Sure they can. Take all the technology toys from them and just give them a NES. Kids today are so spoiled. Let them learn the hard way, like us 40 somethings.
Did you do that to your own kids? How’d it work out?
The missus and I decided that we wanted our offspring to be more independent and not be relying on us financially. Both of us were used to living very comfortably in our childhood, and it created a negated experience of an interesting life, than those of limited means. Instead of expensive electronics and video games, expeditions on learning to fish and hunt, carpentry and needle work, plumbing and electrical, sailing and scuba. I wanted Tim to be resourceful, to create and fulfill his own needs, than just easily acquiring it. We home schooled, taught electronics, computing and mathematics. Religion and the value to be charitable. Timothy would have been a natural leader and an incredible person to have as a friend. I think it is the skills we learned from our parents and grand parents that are not being taught today, and being supplemented early on with electronic toys and games. Formal schooling and discipline in writing skills, than keyboarding and Wikipedia. You cannot simulate the same experience as we had all those years ago (smart phones vs. pay phones, cinema/library vs. the Internet) but you can try from the beginning and break the circle kids are leaning (or not) today. You can try.

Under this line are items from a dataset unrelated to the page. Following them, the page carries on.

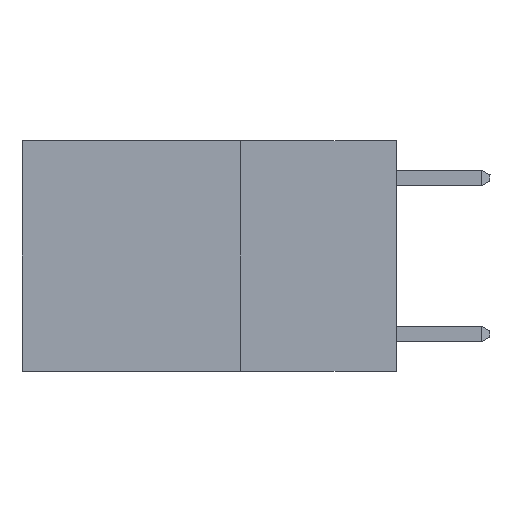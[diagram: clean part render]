
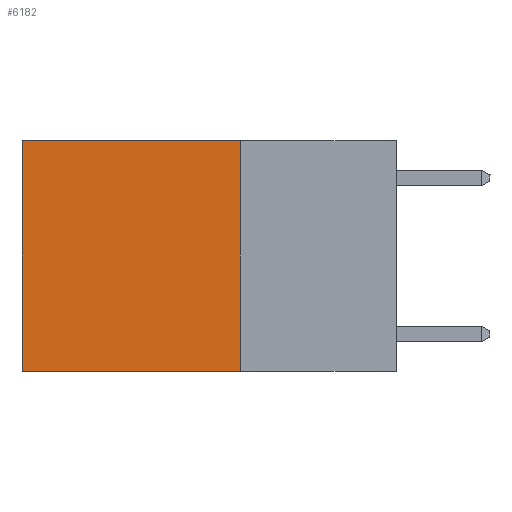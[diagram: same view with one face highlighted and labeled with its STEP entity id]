
A CAD part, left-side view. The second image highlights one B-rep face of the part: STEP entity #6182.
In plain terms, the highlighted planar face has unit normal (-1, 0, 0).
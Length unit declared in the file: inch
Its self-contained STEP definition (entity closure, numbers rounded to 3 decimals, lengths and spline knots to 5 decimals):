
#993 = VECTOR ( 'NONE', #10186, 39.37008 ) ;
#1591 = ORIENTED_EDGE ( 'NONE', *, *, #4378, .F. ) ;
#2163 = LINE ( 'NONE', #2268, #17065 ) ;
#2268 = CARTESIAN_POINT ( 'NONE',  ( 0.2625, 0.25, 0. ) ) ;
#2495 = VECTOR ( 'NONE', #14914, 39.37008 ) ;
#3149 = LINE ( 'NONE', #19108, #993 ) ;
#3514 = DIRECTION ( 'NONE',  ( 0., 0., -1. ) ) ;
#3801 = EDGE_LOOP ( 'NONE', ( #5714, #7883, #1591, #4601 ) ) ;
#4333 = AXIS2_PLACEMENT_3D ( 'NONE', #12253, #19244, #3514 ) ;
#4378 = EDGE_CURVE ( 'NONE', #13012, #7855, #2163, .T. ) ;
#4601 = ORIENTED_EDGE ( 'NONE', *, *, #14287, .T. ) ;
#4650 = CARTESIAN_POINT ( 'NONE',  ( 0.2625, 0.25, -0.37 ) ) ;
#5714 = ORIENTED_EDGE ( 'NONE', *, *, #16138, .T. ) ;
#5835 = VECTOR ( 'NONE', #20381, 39.37008 ) ;
#6182 = ADVANCED_FACE ( 'NONE', ( #7224 ), #14212, .F. ) ;
#6377 = LINE ( 'NONE', #21887, #5835 ) ;
#7224 = FACE_OUTER_BOUND ( 'NONE', #3801, .T. ) ;
#7855 = VERTEX_POINT ( 'NONE', #4650 ) ;
#7883 = ORIENTED_EDGE ( 'NONE', *, *, #21574, .F. ) ;
#8146 = CARTESIAN_POINT ( 'NONE',  ( 0.2625, 0.25, 0. ) ) ;
#10160 = CARTESIAN_POINT ( 'NONE',  ( 0.2625, 0.6, 0. ) ) ;
#10186 = DIRECTION ( 'NONE',  ( 0., 1., 0. ) ) ;
#10791 = DIRECTION ( 'NONE',  ( 0., 0., -1. ) ) ;
#12253 = CARTESIAN_POINT ( 'NONE',  ( 0.2625, 0.25, 0. ) ) ;
#13012 = VERTEX_POINT ( 'NONE', #18020 ) ;
#13209 = LINE ( 'NONE', #8146, #2495 ) ;
#14212 = PLANE ( 'NONE',  #4333 ) ;
#14287 = EDGE_CURVE ( 'NONE', #13012, #21987, #13209, .T. ) ;
#14914 = DIRECTION ( 'NONE',  ( 0., 1., 0. ) ) ;
#16138 = EDGE_CURVE ( 'NONE', #21987, #19992, #6377, .T. ) ;
#16820 = CARTESIAN_POINT ( 'NONE',  ( 0.2625, 0.6, -0.37 ) ) ;
#17065 = VECTOR ( 'NONE', #10791, 39.37008 ) ;
#18020 = CARTESIAN_POINT ( 'NONE',  ( 0.2625, 0.25, 0. ) ) ;
#19108 = CARTESIAN_POINT ( 'NONE',  ( 0.2625, 0.25, -0.37 ) ) ;
#19244 = DIRECTION ( 'NONE',  ( 1., 0., 0. ) ) ;
#19992 = VERTEX_POINT ( 'NONE', #16820 ) ;
#20381 = DIRECTION ( 'NONE',  ( 0., 0., -1. ) ) ;
#21574 = EDGE_CURVE ( 'NONE', #7855, #19992, #3149, .T. ) ;
#21887 = CARTESIAN_POINT ( 'NONE',  ( 0.2625, 0.6, 0. ) ) ;
#21987 = VERTEX_POINT ( 'NONE', #10160 ) ;

Yeah that’s not happening for us.
I grew up in poverty for the most of my childhood, living with very limited means, having to scrape and claw for anything I wanted. While I did learn a solid work ethic, I would never want to put my kid through that experience. When rich people say that’s an “interesting lifestyle“, they really don’t understand the struggle, it’s more of a novelty to them.
While I do want our daughter to learn to work hard, value the dollar, stay on her guard, read people (basically the street smarts all poor kids need to learn growing up) I’m not going to force her to live like some pseudo technology rendition of The Amish, forcing her to experience only things from the past.
No, my plan is to get her to appreciate classic games, music and films, and know how media has got to where it has today. I’ll insert and suggest some of the bangers from our time, as well as support the higher quality offerings of today. But I definitely won’t limit her exposure to the present.
These A1Up cabs are not a high quality offering I’d get her to experience. Well, maybe a little exposure to trash products like this might be good, just so she knows the range of bad to good.